Phentolamine is a nonselective alpha-adrenergic antagonist that has been studied for monotherapy. An ophthalmic solution of 1% phentolamine mesylate could decrease pupil diameter and create pinhole effect. The results from a phase 2b study by Pepose et al., using this drug once daily in the evening for 14 days, compared with placebo, showed that patients in the treatment group had at least 1-line improvement in DCNVA at day 15. There was no difference in conjunctival hyperemia between both treatment and placebo groups
[36].
For the combination of a miotic agent with another miotic agent or other agents, the aim is either to gain addition effect between each drug or to reduce the side effects from the miotic agent.
There are several studies evaluating pilocarpine in combination with anti-inflammatory agents or vasoconstrictive agents to minimize adverse events of conjunctival injection or ocular inflammation that may be induced by pilocarpine. An ongoing randomized controlled study has been initiated to compare between monotherapy of miotic agents and the combination of two miotic agents. There were four treatment groups for the comparison in this study: phentolamine and pilocarpine, phentolamine alone, pilocarpine alone and placebo, DCNVA in these treatment groups were compared at baseline and at 6 h
[25].
2.2. Lens Softeners
Loss of lens elasticity is associated with advanced age and presbyopia. This may be related to an increase in disulfide bonds formation in the collagen of aging lens, possibly due to oxidative stress
[37]. Inducing miosis might be an effective mechanism for treatment of presbyopia by creating a pinhole effect but it might not address the etiology of this condition. Lens softening, on the other hand, might be an agent that could make a change at its pathophysiology.

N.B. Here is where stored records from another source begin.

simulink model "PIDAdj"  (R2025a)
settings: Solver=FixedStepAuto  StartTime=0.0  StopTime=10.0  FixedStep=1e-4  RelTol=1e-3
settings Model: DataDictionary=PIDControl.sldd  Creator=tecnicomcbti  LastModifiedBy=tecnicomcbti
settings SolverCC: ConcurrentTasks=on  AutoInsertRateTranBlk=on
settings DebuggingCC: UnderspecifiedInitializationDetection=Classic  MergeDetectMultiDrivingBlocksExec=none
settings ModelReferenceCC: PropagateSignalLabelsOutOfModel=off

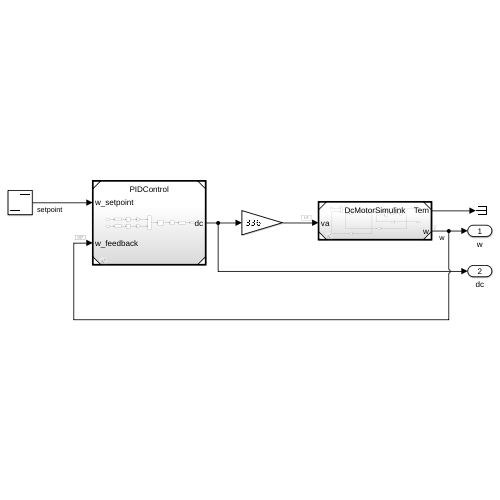
[thumbnail: Simulink's stored preview of the top-level diagram]
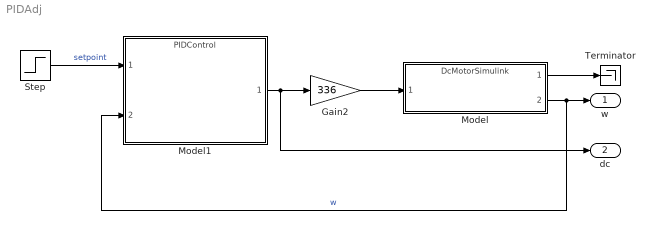
== system PIDAdj ==
  Gain2 : Gain  Gain=336
  Model : ModelReference  ModelNameDialog=DcMotorSimulink.slx  SimulationMode=Normal  ModelReferenceVersion=2.11
  Model1 : ModelReference  ModelNameDialog=PIDControl.slx  SimulationMode=Normal  ModelReferenceVersion=1.6
  Step : Step  Time=0  After=400  SampleTime=1e-3
  Terminator : Terminator
  w : Outport
  dc : Outport  Port=2
  wires:
  Step/1 -> Model1/1  "setpoint"
  Gain2/1 -> Model/1
  Model1/1 -> dc/1, Gain2/1
  Model/2 -> Model1/2, w/1  "w"
  Model/1 -> Terminator/1
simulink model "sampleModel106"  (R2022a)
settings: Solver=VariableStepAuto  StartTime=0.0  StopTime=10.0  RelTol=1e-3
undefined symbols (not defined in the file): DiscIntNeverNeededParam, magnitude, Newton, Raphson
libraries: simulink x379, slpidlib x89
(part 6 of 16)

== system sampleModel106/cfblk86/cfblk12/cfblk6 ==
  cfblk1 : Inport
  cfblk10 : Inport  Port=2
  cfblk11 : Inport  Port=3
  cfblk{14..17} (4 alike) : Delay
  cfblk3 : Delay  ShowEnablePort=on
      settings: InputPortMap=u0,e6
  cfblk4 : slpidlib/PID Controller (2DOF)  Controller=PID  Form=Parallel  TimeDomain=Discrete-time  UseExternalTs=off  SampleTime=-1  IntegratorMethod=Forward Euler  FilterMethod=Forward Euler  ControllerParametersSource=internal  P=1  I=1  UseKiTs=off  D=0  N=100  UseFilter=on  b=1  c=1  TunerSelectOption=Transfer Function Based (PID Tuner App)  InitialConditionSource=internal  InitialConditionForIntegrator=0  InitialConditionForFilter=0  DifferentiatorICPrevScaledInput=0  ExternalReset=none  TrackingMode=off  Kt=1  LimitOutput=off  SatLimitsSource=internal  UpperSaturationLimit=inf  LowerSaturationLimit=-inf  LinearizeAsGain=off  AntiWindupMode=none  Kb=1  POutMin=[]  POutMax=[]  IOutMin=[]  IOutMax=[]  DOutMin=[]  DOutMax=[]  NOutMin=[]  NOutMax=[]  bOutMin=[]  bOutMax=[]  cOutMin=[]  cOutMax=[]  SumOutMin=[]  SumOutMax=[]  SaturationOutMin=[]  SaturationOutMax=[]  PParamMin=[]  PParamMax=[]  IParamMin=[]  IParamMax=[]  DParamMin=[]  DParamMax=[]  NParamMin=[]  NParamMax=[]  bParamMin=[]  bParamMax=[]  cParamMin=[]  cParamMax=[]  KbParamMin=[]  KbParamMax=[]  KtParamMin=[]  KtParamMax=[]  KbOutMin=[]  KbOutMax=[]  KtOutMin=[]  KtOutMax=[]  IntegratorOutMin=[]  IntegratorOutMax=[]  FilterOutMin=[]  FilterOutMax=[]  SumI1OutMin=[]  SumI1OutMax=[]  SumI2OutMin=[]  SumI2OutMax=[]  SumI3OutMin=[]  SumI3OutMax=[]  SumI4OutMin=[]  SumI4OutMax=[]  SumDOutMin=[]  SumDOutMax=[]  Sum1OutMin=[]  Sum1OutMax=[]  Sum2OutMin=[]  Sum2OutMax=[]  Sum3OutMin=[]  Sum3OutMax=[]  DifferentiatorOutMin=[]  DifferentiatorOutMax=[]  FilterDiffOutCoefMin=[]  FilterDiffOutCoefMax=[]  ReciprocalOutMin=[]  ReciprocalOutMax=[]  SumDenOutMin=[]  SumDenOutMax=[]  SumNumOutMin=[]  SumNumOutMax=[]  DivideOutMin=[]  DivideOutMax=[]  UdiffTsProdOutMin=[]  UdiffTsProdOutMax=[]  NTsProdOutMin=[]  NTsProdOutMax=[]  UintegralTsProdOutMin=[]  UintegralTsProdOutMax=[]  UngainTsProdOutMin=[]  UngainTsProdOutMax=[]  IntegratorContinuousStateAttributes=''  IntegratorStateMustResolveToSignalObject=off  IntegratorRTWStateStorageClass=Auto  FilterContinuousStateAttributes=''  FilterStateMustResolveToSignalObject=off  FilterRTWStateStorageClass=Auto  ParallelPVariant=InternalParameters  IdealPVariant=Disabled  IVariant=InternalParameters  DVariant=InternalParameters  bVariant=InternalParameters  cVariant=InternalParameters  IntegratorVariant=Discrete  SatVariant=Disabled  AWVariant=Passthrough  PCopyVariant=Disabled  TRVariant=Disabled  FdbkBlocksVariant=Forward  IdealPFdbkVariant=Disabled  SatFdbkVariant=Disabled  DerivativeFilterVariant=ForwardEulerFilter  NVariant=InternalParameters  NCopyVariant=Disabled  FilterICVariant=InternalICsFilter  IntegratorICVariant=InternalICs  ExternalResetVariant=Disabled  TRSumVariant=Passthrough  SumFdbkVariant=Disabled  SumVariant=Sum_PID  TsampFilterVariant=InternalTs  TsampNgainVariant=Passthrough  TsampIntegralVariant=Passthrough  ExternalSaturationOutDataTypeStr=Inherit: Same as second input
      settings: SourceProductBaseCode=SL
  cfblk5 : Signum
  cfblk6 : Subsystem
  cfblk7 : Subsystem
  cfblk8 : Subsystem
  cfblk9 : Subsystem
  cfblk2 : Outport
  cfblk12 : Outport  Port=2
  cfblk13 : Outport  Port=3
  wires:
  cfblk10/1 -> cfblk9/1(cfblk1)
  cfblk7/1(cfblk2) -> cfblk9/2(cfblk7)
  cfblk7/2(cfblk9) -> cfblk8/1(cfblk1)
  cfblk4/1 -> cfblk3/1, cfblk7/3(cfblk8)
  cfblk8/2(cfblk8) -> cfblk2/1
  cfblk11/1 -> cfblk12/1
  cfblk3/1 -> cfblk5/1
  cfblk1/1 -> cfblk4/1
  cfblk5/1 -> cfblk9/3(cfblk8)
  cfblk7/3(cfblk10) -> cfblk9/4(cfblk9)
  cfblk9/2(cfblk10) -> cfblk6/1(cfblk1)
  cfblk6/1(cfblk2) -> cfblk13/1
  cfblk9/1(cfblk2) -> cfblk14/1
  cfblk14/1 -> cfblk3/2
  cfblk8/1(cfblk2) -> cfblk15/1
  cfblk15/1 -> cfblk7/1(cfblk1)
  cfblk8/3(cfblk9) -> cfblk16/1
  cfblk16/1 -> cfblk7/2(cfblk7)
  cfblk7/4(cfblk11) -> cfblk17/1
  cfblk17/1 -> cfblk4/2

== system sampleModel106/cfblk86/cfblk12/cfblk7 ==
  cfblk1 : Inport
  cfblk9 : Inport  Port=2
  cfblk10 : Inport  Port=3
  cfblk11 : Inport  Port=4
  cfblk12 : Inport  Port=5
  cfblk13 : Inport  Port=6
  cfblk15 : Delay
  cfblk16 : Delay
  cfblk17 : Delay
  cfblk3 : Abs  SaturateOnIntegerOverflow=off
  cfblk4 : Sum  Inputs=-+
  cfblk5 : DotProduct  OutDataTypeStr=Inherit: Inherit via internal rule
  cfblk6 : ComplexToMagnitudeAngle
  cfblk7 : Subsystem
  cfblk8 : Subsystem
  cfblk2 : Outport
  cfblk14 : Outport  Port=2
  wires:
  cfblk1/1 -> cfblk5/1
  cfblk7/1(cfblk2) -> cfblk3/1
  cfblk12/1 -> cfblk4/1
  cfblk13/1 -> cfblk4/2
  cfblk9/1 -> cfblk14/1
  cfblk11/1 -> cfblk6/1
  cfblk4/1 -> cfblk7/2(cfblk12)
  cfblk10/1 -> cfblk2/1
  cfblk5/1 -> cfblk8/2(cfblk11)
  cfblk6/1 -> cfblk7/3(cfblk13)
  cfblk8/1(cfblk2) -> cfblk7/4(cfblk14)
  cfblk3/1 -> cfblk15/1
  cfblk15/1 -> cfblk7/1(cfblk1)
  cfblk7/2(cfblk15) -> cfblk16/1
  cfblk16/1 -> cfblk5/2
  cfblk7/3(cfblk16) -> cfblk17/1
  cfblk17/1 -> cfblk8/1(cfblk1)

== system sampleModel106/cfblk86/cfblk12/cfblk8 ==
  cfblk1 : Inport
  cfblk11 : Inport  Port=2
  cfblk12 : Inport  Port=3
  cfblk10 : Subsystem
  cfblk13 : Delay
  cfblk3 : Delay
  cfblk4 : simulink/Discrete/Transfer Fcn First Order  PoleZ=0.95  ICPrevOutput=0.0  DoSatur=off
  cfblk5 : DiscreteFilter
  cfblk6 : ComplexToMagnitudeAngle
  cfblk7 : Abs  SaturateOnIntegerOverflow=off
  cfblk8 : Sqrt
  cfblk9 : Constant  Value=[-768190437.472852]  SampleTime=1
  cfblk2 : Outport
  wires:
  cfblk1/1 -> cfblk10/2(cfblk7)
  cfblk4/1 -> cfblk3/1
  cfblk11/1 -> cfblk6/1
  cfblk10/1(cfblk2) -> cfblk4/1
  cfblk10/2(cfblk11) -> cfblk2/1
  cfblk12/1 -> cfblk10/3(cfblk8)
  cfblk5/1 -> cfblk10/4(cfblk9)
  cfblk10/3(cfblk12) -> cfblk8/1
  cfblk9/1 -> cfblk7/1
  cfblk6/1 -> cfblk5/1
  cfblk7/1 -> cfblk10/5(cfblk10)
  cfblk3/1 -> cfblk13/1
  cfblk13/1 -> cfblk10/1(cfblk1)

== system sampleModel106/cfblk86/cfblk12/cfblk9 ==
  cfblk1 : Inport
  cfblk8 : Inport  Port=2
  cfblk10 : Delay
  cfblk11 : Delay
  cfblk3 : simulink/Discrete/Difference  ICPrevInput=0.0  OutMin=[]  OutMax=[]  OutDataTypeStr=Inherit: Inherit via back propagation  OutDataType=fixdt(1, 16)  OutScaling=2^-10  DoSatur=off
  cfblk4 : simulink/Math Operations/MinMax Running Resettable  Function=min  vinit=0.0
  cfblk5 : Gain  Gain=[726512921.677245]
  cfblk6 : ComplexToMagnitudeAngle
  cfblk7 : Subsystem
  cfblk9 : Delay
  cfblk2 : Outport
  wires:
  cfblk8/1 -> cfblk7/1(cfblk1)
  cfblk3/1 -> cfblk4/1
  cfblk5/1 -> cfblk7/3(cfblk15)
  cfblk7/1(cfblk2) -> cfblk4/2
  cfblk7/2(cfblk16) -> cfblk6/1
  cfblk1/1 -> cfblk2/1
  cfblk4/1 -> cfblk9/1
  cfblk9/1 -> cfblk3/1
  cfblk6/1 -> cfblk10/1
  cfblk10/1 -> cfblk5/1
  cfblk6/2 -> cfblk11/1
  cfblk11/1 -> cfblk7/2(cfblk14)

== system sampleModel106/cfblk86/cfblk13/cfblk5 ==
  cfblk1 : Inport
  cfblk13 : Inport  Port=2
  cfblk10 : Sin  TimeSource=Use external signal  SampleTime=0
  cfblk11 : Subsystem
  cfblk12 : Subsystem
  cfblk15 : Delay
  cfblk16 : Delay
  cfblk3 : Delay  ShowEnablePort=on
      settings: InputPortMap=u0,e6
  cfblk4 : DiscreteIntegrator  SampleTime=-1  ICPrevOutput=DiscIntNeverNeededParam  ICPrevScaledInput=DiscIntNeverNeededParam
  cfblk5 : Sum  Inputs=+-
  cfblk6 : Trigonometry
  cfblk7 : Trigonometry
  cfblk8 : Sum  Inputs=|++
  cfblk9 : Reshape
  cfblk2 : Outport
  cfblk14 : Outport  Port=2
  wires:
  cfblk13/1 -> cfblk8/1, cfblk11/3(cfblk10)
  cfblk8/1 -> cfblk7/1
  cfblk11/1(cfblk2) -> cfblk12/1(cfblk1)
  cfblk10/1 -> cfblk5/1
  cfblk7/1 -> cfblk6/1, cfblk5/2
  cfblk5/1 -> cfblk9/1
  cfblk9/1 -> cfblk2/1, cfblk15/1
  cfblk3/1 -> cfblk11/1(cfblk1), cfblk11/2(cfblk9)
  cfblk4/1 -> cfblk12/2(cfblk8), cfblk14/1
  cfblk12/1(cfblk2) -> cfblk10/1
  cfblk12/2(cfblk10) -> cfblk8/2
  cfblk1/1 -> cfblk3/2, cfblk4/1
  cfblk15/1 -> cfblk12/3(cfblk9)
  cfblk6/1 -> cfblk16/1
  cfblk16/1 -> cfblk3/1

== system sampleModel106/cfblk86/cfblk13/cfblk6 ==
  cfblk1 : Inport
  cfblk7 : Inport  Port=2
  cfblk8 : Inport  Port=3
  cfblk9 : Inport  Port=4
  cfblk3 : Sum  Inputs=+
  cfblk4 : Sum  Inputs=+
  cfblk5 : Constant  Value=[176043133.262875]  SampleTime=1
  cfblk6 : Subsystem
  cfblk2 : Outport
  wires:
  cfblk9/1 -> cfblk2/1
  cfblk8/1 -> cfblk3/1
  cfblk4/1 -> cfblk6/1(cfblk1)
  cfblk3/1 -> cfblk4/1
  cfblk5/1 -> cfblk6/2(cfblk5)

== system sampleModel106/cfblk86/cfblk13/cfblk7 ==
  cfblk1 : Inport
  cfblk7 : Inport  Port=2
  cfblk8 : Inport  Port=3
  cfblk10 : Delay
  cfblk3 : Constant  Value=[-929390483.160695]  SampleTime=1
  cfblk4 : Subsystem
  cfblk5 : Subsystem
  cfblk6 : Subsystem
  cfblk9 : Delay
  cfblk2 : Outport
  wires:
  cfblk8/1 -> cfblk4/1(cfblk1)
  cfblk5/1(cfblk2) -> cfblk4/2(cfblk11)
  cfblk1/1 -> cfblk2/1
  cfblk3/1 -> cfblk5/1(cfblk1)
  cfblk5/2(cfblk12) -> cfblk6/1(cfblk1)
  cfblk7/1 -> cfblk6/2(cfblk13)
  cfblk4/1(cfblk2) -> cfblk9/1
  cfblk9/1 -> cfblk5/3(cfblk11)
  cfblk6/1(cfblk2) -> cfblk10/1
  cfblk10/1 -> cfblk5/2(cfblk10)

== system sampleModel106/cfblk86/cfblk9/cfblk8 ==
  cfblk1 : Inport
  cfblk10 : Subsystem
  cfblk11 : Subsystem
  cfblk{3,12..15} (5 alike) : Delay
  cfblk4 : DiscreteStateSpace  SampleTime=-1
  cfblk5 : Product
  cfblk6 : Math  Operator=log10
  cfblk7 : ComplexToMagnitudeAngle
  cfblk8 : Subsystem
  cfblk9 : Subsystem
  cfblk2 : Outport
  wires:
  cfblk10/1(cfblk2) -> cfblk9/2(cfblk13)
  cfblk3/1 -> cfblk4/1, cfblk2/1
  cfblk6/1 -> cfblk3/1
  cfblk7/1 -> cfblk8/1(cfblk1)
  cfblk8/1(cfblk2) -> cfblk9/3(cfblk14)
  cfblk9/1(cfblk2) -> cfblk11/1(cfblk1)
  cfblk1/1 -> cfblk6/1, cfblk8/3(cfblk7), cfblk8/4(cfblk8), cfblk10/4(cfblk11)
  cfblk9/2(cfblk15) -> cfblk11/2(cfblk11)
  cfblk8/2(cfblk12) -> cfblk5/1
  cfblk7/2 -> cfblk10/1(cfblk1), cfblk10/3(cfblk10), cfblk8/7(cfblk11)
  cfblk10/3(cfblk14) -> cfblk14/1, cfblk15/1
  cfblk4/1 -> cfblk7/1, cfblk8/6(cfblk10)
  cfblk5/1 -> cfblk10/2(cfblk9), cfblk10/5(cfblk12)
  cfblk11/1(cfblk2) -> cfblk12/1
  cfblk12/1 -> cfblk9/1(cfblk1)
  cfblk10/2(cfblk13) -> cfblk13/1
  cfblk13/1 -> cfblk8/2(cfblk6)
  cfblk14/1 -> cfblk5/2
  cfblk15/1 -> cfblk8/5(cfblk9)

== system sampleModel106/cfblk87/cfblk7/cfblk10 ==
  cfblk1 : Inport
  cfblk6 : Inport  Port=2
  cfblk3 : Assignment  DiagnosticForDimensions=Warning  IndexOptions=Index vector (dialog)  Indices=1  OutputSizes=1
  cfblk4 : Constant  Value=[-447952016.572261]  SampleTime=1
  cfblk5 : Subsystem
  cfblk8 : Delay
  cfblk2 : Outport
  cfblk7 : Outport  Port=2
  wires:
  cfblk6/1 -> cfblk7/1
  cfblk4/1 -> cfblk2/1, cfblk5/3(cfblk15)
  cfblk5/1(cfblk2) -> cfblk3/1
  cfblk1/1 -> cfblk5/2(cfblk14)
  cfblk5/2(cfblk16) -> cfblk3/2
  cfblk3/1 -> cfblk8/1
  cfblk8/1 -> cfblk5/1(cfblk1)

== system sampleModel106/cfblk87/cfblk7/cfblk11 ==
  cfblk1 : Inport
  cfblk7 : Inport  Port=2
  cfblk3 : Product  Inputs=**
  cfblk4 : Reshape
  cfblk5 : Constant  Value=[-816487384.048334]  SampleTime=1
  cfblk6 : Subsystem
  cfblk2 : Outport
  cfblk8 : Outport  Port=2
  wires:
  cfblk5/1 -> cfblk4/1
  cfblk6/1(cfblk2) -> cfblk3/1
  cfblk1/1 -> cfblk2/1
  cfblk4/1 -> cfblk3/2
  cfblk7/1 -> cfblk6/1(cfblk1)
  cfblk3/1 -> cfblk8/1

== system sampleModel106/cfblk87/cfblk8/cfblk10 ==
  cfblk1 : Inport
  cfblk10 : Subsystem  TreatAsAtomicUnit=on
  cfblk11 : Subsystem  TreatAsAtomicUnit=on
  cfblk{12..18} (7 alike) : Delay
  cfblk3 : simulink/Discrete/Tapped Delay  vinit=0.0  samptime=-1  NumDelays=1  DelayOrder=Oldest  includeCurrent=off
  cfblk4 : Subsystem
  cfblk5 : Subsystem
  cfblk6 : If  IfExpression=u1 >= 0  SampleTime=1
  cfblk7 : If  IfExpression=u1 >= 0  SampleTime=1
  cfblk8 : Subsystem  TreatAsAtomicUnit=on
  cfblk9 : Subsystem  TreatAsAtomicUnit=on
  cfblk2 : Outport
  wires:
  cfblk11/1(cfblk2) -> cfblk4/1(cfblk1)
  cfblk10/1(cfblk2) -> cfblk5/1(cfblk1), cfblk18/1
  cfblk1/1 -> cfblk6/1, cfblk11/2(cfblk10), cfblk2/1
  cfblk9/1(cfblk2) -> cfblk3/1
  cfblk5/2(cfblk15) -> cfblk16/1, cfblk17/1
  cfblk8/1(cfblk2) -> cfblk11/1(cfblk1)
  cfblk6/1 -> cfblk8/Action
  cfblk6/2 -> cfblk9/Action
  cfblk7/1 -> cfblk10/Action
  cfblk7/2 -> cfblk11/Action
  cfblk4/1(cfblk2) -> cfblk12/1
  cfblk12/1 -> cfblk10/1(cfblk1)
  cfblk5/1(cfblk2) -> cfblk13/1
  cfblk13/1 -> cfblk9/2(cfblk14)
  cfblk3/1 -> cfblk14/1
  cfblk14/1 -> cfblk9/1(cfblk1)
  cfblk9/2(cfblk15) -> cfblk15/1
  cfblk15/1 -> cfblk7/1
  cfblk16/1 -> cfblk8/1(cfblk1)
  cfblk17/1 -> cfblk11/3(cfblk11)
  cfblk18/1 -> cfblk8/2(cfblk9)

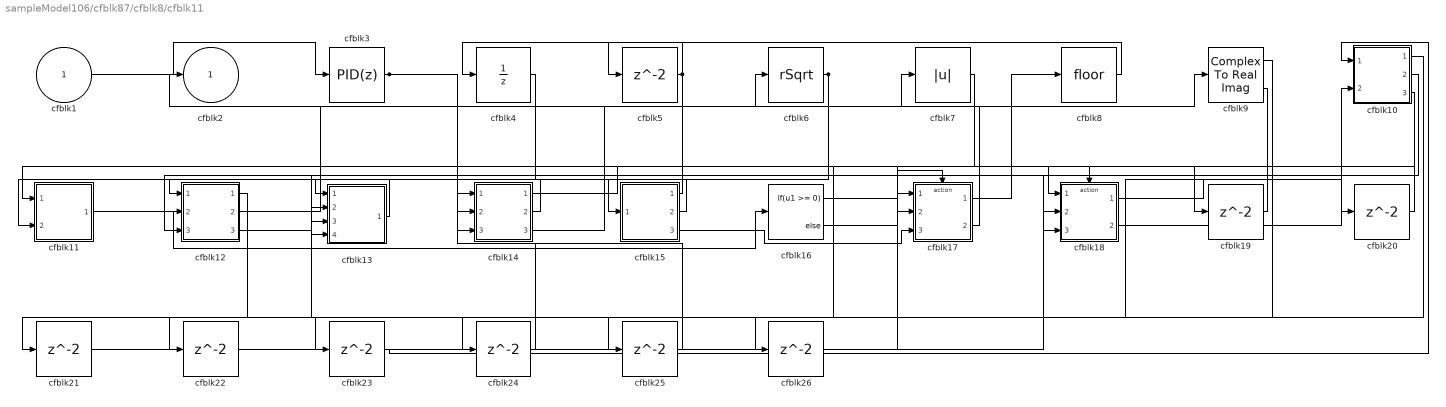
== system sampleModel106/cfblk87/cfblk8/cfblk11 ==
  cfblk1 : Inport
  cfblk10 : Subsystem
  cfblk11 : Subsystem
  cfblk12 : Subsystem
  cfblk13 : Subsystem
  cfblk14 : Subsystem
  cfblk15 : Subsystem
  cfblk16 : If  IfExpression=u1 >= 0  SampleTime=1
  cfblk17 : Subsystem  TreatAsAtomicUnit=on
  cfblk18 : Subsystem  TreatAsAtomicUnit=on
  cfblk{5,19..26} (9 alike) : Delay
  cfblk3 : slpidlib/PID Controller  Controller=PID  Form=Parallel  TimeDomain=Discrete-time  UseExternalTs=off  SampleTime=-1  IntegratorMethod=Forward Euler  FilterMethod=Forward Euler  ControllerParametersSource=internal  P=1  I=1  UseKiTs=off  D=0  N=100  UseFilter=on  TunerSelectOption=Transfer Function Based (PID Tuner App)  InitialConditionSource=internal  InitialConditionForIntegrator=0  InitialConditionForFilter=0  DifferentiatorICPrevScaledInput=0  ExternalReset=none  TrackingMode=off  Kt=1  LimitOutput=off  SatLimitsSource=internal  UpperSaturationLimit=inf  LowerSaturationLimit=-inf  LinearizeAsGain=off  AntiWindupMode=none  Kb=1  POutMin=[]  POutMax=[]  IOutMin=[]  IOutMax=[]  DOutMin=[]  DOutMax=[]  NOutMin=[]  NOutMax=[]  SumOutMin=[]  SumOutMax=[]  SaturationOutMin=[]  SaturationOutMax=[]  PParamMin=[]  PParamMax=[]  IParamMin=[]  IParamMax=[]  DParamMin=[]  DParamMax=[]  NParamMin=[]  NParamMax=[]  KbParamMin=[]  KbParamMax=[]  KtParamMin=[]  KtParamMax=[]  KbOutMin=[]  KbOutMax=[]  KtOutMin=[]  KtOutMax=[]  IntegratorOutMin=[]  IntegratorOutMax=[]  FilterOutMin=[]  FilterOutMax=[]  SumI1OutMin=[]  SumI1OutMax=[]  SumI2OutMin=[]  SumI2OutMax=[]  SumI3OutMin=[]  SumI3OutMax=[]  SumI4OutMin=[]  SumI4OutMax=[]  SumDOutMin=[]  SumDOutMax=[]  DifferentiatorOutMin=[]  DifferentiatorOutMax=[]  FilterDiffOutCoefMin=[]  FilterDiffOutCoefMax=[]  ReciprocalOutMin=[]  ReciprocalOutMax=[]  SumDenOutMin=[]  SumDenOutMax=[]  SumNumOutMin=[]  SumNumOutMax=[]  DivideOutMin=[]  DivideOutMax=[]  UdiffTsProdOutMin=[]  UdiffTsProdOutMax=[]  NTsProdOutMin=[]  NTsProdOutMax=[]  UintegralTsProdOutMin=[]  UintegralTsProdOutMax=[]  UngainTsProdOutMin=[]  UngainTsProdOutMax=[]  IntegratorContinuousStateAttributes=''  IntegratorStateMustResolveToSignalObject=off  IntegratorRTWStateStorageClass=Auto  FilterContinuousStateAttributes=''  FilterStateMustResolveToSignalObject=off  FilterRTWStateStorageClass=Auto  ParallelPVariant=InternalParameters  IdealPVariant=Disabled  IVariant=InternalParameters  DVariant=InternalParameters  IntegratorVariant=Discrete  SatVariant=Disabled  AWVariant=Passthrough  PCopyVariant=Disabled  TRVariant=Disabled  FdbkBlocksVariant=Forward  IdealPFdbkVariant=Disabled  SatFdbkVariant=Disabled  DerivativeFilterVariant=ForwardEulerFilter  NVariant=InternalParameters  NCopyVariant=Disabled  FilterICVariant=InternalICsFilter  IntegratorICVariant=InternalICs  ExternalResetVariant=Disabled  TRSumVariant=Passthrough  SumFdbkVariant=Disabled  SumVariant=Sum_PID  TsampFilterVariant=InternalTs  TsampNgainVariant=Passthrough  TsampIntegralVariant=Passthrough  ExternalSaturationOutDataTypeStr=Inherit: Same as second input  aMode=0
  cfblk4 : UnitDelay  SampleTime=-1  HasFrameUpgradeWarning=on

There was in vitro evidence showing that lipoic acid, an antioxidant, could reduce disulfide bonds in the lens protein, and thus increase lens elasticity
[37]. However, lipoic acid alone as an eye drop had limited ocular penetration because of its lipid solubility
[38]. Bonding lipoic acid with choline allows the drug to better penetrate into the aqueous humor
[39].
In a study by Korenfeld et al., 1.5% lipoic acid choline ester ophthalmic solution (UNR844) was compared with placebo for DCNVA and adverse events. The inclusion criteria
of this study were patients with presbyopia aged 45–55 years, monocular DCNVA worse than 20/40 in each eye, best-corrected distance visual acuity of 20/20 or better, and manifested spherical equivalent between −4.00 to +4.00 D. From a total of 75 patients enrolled, they were randomized into the treatment group and the placebo group with 2:1 ratio, resulting in 50 patients in the former and 25 patients in the latter. The mean age of the treatment group and the placebo group was 50.1 ± 3.2 and 51.4 ± 3.0, respectively; 70.67% of patients were Caucasians
[39].
The treatment group were given 1.5% lipoic acid choline ester ophthalmic solution unilaterally in their nondominant eye twice daily on day 1–7, and then given bilaterally twice daily on day 8–91. There was significantly improved in DCNVA from baseline in the treatment group compared with the placebo group over the course of 91 days (0.198 vs. 0.099 LogMAR VA units). Moreover, about a third of the patients with 1.5% lipoic acid had a sustained bilateral improvement of at least 1-line DCNVA at day 301. In terms of adverse events, the most common was eye irritation at 6%. Patients also reported asthenopia, eye pruritus, and foreign body sensation. For ocular safety, there were no clinical changes in non-dilated pupil diameter, ocular comfort, intraocular pressure (IOP), distance vision, or other ocular findings in the treated eyes
[39].
3. Conclusions
With the recent U.S. FDA approval of 1.25% pilocarpine for treatment of presbyopia, this agent is becoming an alternative option for those in the US who may not want to wear spectacles for near tasks. It is possible that this agent may be approved in other countries and more patients may be able to access this agent in the future. This would give an opportunity to investigate on safety and efficacy of this agent in the real world, particularly for long-term use, which is essential.
Pharmacological treatment of presbyopia is, without a doubt, one of the promising fields in research in ophthalmology since all people who are more than 45 years old will have this condition eventually.